Eucalyptus globulus sensu lato comprises four closely related taxa that are often considered subspecies, but that have been treated as distinct species by some authors. In this treatment, the former approach is followed, and the following subspecies are distinguished:
- subsp. globulus (‘Tasmanian blue gum’): large to very large tree up to 70 m tall, with smooth bark, long leaves and large, solitary, glaucous buds and fruits. It is widely cultivated in Ethiopia and Eritrea, at 1700–3200 m altitude in trial plots, pilot plantations, woodlots, shelter belts, large-scale plantations and as isolated trees in farmland. It is also recorded from Somalia, Kenya and Uganda.
- subsp. bicostata (Maiden, Blakely & Simmonds) J.B.Kirkp. (‘southern blue gum’): large tree up to 45 m tall, with sessile buds and fruits, 3 together. It is grown in Ethiopia at 2000–2800 m altitude in trial plots and pilot plantations, and is also recorded from Kenya and Tanzania.
- subsp. pseudoglobulus (Naudin ex Maiden) J.B.Kirkp. (‘Victorian eurabbie’): large tree up to 45 m tall, with pedicellate, glaucous buds and fruits, 3 together on a broad, flattened peduncle. There are no records from tropical Africa.
- subsp. maidenii (F.Muell.) J.B.Kirkp. (‘Maiden’s gum’): large tree up to 45 m tall, with long peduncle and 7-flowered inflorescences, and less glaucous and rough buds and fruits. It is grown in Ethiopia at 2000–2350 m altitude in trial plots and pilot plantations, and also planted in DR Congo, Rwanda, Burundi, Kenya, Tanzania, Malawi, Zambia and Angola.
Wood-anatomical description (IAWA hardwood codes):
- Growth rings: (1: growth ring boundaries distinct); (2: growth ring boundaries indistinct or absent).
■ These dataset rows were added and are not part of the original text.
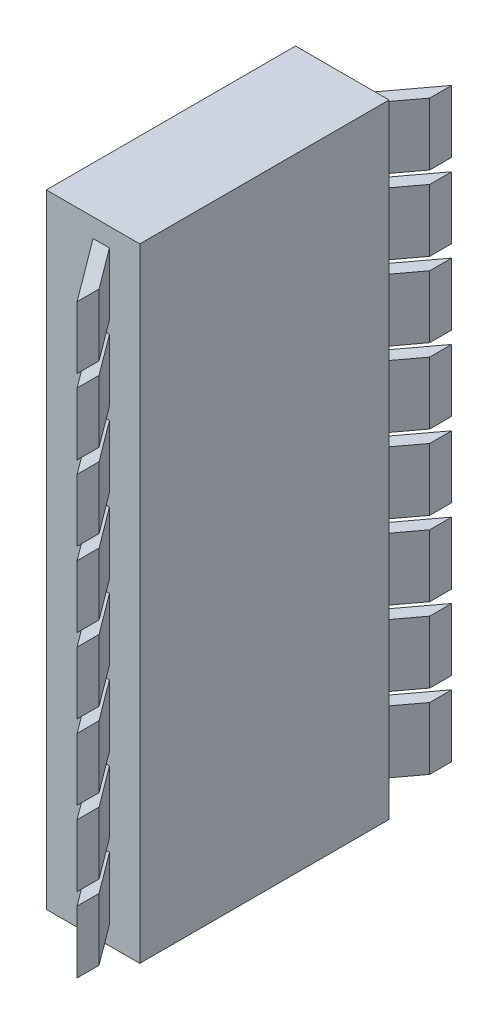
SolidWorks part; units mm, degrees
ref_plane "前视基准面" through (0, 0, 0) normal (0, 0, 1) x (1, 0, 0)
ref_plane "上视基准面" through (0, 0, 0) normal (0, 1, 0) x (1, 0, 0)
ref_plane "右视基准面" through (0, 0, 0) normal (1, 0, 0) x (0, 0, -1)
sketch "草图1" plane through (0, 0, 0) normal (1, 0, 0) x (0, 0, -1)
  line L1 (-2, -5) -> (2, -5)
  line L2 (-2, -5) -> (-2, 5)
  line L3 (-2, 5) -> (2, 5)
  line L4 (2, -5) -> (2, 5)
  line L5 (-2, -5) -> (2, 5) construction
  line L6 (-2, 5) -> (2, -5) construction
  point P0 (0, 0)
  dimension "D1" = 4
  dimension "D2" = 10
extrude "凸台-拉伸1" add sketch "草图1" along normal blind 1.5
ref_plane "基准面1" through (0, -4.7, 0) normal (0, -1, 0) x (-1, 0, 0)
sketch "草图2" plane through (0, -4.7, 0) normal (0, -1, 0) x (-1, 0, 0)
  line L0 (-0.75, 2) -> (-1.5, 3.0056)
  line L1 (-1.5, 2) -> (0, 2) construction
  line L2 (-1.5, 3.0056) -> (-1.5, 2.6532)
  line L3 (-1.5, 2.6532) -> (-1.0128, 2)
  line L4 (-1.0128, 2) -> (-0.75, 2)
extrude "凸台-拉伸2" add sketch "草图2" against normal blind 1
pattern_linear "阵列(线性)1" count 8 spacing 1.2 along (0, 1, 0) of "凸台-拉伸2"
mirror "镜向1" about plane through (0, 0, 0) normal (0, 0, 1) of "凸台-拉伸2", "阵列(线性)1"

- Vessels: 5: wood diffuse-porous; (7: vessels in diagonal and/or radial pattern); 9: vessels exclusively solitary (90% or more); 13: simple perforation plates; 22: intervessel pits alternate; (23: shape of alternate pits polygonal); 26: intervessel pits medium (7–10 μm); (27: intervessel pits large (≥ 10 μm)); 29: vestured pits; 31: vessel-ray pits with much reduced borders to apparently simple: pits rounded or angular; 42: mean tangential diameter of vessel lumina 100–200 μm; 43: mean tangential diameter of vessel lumina ≥ 200 μm; (45: vessels of two distinct diameter classes, wood not ring-porous); 47: 5–20 vessels per square millimetre; 56: tyloses common.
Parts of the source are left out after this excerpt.